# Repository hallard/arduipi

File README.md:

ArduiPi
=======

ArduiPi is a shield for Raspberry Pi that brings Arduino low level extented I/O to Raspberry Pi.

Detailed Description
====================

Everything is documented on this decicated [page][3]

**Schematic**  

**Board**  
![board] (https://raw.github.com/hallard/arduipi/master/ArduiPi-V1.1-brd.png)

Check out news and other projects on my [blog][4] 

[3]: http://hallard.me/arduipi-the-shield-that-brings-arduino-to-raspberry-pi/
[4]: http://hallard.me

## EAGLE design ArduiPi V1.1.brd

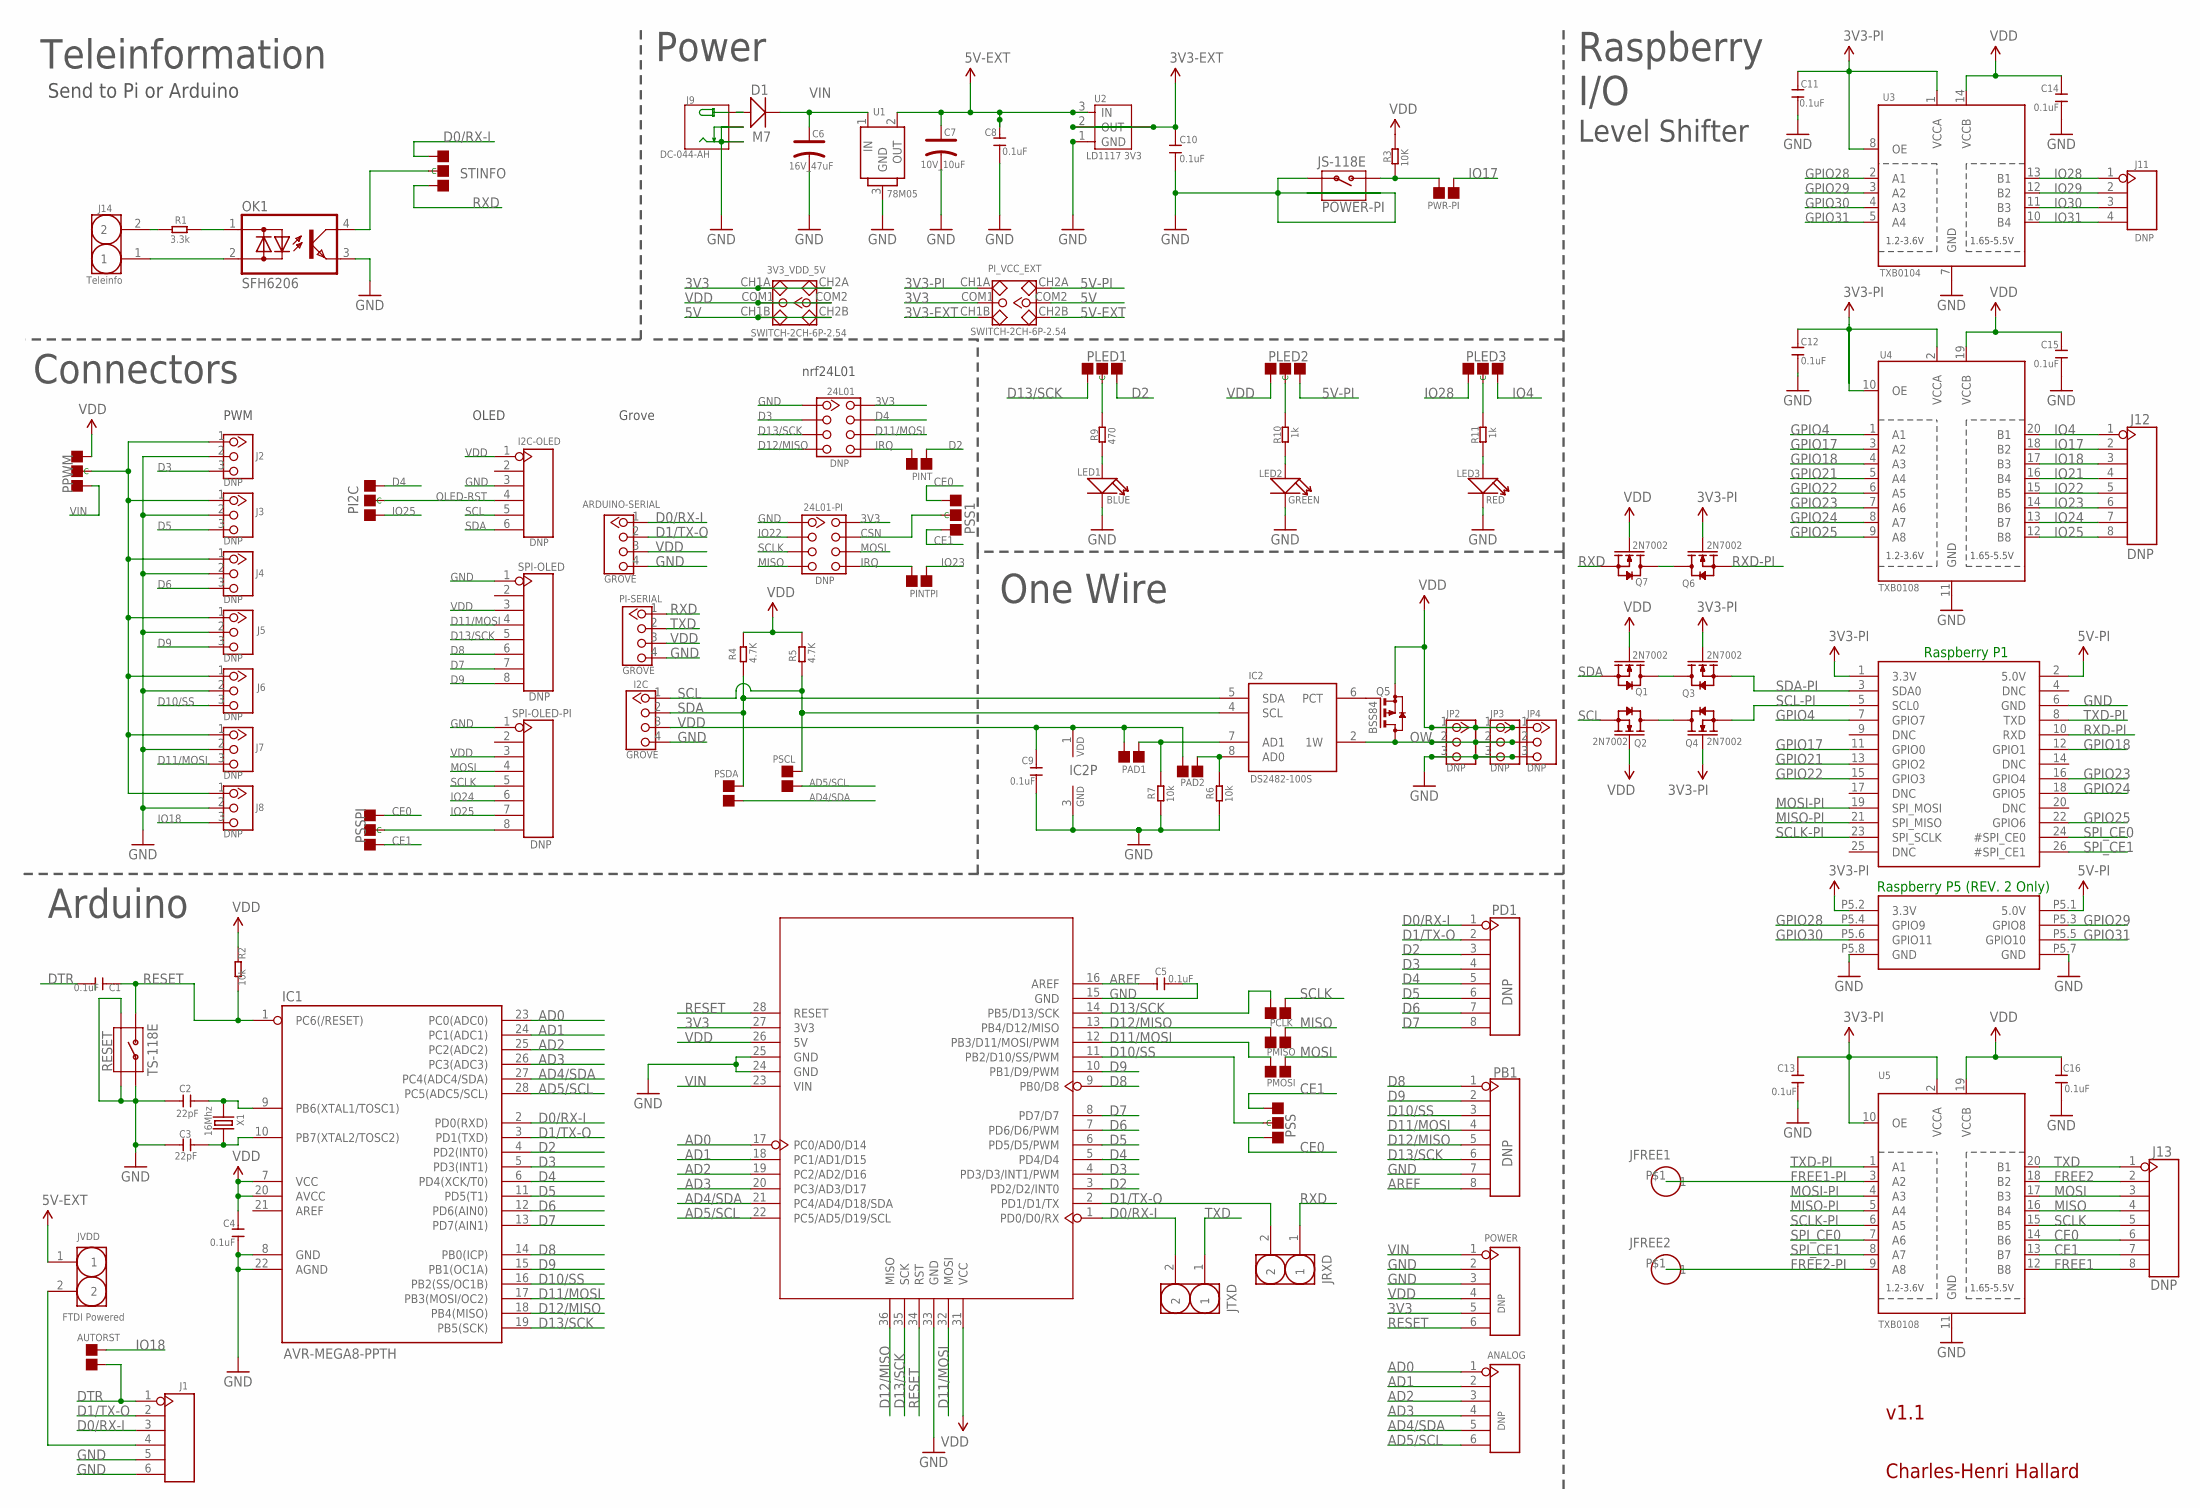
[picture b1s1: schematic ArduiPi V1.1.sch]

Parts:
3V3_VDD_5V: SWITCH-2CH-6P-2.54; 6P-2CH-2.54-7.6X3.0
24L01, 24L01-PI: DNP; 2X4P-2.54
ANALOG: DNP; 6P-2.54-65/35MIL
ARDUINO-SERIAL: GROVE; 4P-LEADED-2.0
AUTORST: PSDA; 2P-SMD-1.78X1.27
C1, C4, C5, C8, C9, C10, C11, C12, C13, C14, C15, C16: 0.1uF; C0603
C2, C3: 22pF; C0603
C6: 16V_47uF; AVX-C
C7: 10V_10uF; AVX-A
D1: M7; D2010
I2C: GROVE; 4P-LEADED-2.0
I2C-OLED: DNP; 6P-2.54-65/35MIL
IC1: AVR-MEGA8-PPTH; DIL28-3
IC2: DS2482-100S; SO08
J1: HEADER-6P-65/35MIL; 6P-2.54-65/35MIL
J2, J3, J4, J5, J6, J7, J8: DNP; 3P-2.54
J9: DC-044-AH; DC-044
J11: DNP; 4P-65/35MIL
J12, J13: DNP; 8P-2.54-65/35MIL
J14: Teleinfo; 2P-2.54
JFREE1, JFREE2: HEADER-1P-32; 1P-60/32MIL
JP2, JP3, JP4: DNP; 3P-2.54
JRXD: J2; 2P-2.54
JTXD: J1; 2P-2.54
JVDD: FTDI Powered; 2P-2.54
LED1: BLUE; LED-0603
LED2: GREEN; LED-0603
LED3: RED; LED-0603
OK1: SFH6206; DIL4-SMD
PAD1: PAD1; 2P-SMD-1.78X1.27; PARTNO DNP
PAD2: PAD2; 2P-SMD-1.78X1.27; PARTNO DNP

*What the task asks:*
Restate the records word for word, omitting images.

*Answer space:*
# Repository hallard/arduipi

File README.md:

ArduiPi
=======

ArduiPi is a shield for Raspberry Pi that brings Arduino low level extented I/O to Raspberry Pi.

Detailed Description
====================

Everything is documented on this decicated [page][3]

**Schematic**  

**Board**  
![board] (https://raw.github.com/hallard/arduipi/master/ArduiPi-V1.1-brd.png)

Check out news and other projects on my [blog][4] 

[3]: http://hallard.me/arduipi-the-shield-that-brings-arduino-to-raspberry-pi/
[4]: http://hallard.me

## EAGLE design ArduiPi V1.1.brd

[picture b1s1: schematic ArduiPi V1.1.sch]

Parts:
3V3_VDD_5V: SWITCH-2CH-6P-2.54; 6P-2CH-2.54-7.6X3.0
24L01, 24L01-PI: DNP; 2X4P-2.54
ANALOG: DNP; 6P-2.54-65/35MIL
ARDUINO-SERIAL: GROVE; 4P-LEADED-2.0
AUTORST: PSDA; 2P-SMD-1.78X1.27
C1, C4, C5, C8, C9, C10, C11, C12, C13, C14, C15, C16: 0.1uF; C0603
C2, C3: 22pF; C0603
C6: 16V_47uF; AVX-C
C7: 10V_10uF; AVX-A
D1: M7; D2010
I2C: GROVE; 4P-LEADED-2.0
I2C-OLED: DNP; 6P-2.54-65/35MIL
IC1: AVR-MEGA8-PPTH; DIL28-3
IC2: DS2482-100S; SO08
J1: HEADER-6P-65/35MIL; 6P-2.54-65/35MIL
J2, J3, J4, J5, J6, J7, J8: DNP; 3P-2.54
J9: DC-044-AH; DC-044
J11: DNP; 4P-65/35MIL
J12, J13: DNP; 8P-2.54-65/35MIL
J14: Teleinfo; 2P-2.54
JFREE1, JFREE2: HEADER-1P-32; 1P-60/32MIL
JP2, JP3, JP4: DNP; 3P-2.54
JRXD: J2; 2P-2.54
JTXD: J1; 2P-2.54
JVDD: FTDI Powered; 2P-2.54
LED1: BLUE; LED-0603
LED2: GREEN; LED-0603
LED3: RED; LED-0603
OK1: SFH6206; DIL4-SMD
PAD1: PAD1; 2P-SMD-1.78X1.27; PARTNO DNP
PAD2: PAD2; 2P-SMD-1.78X1.27; PARTNO DNP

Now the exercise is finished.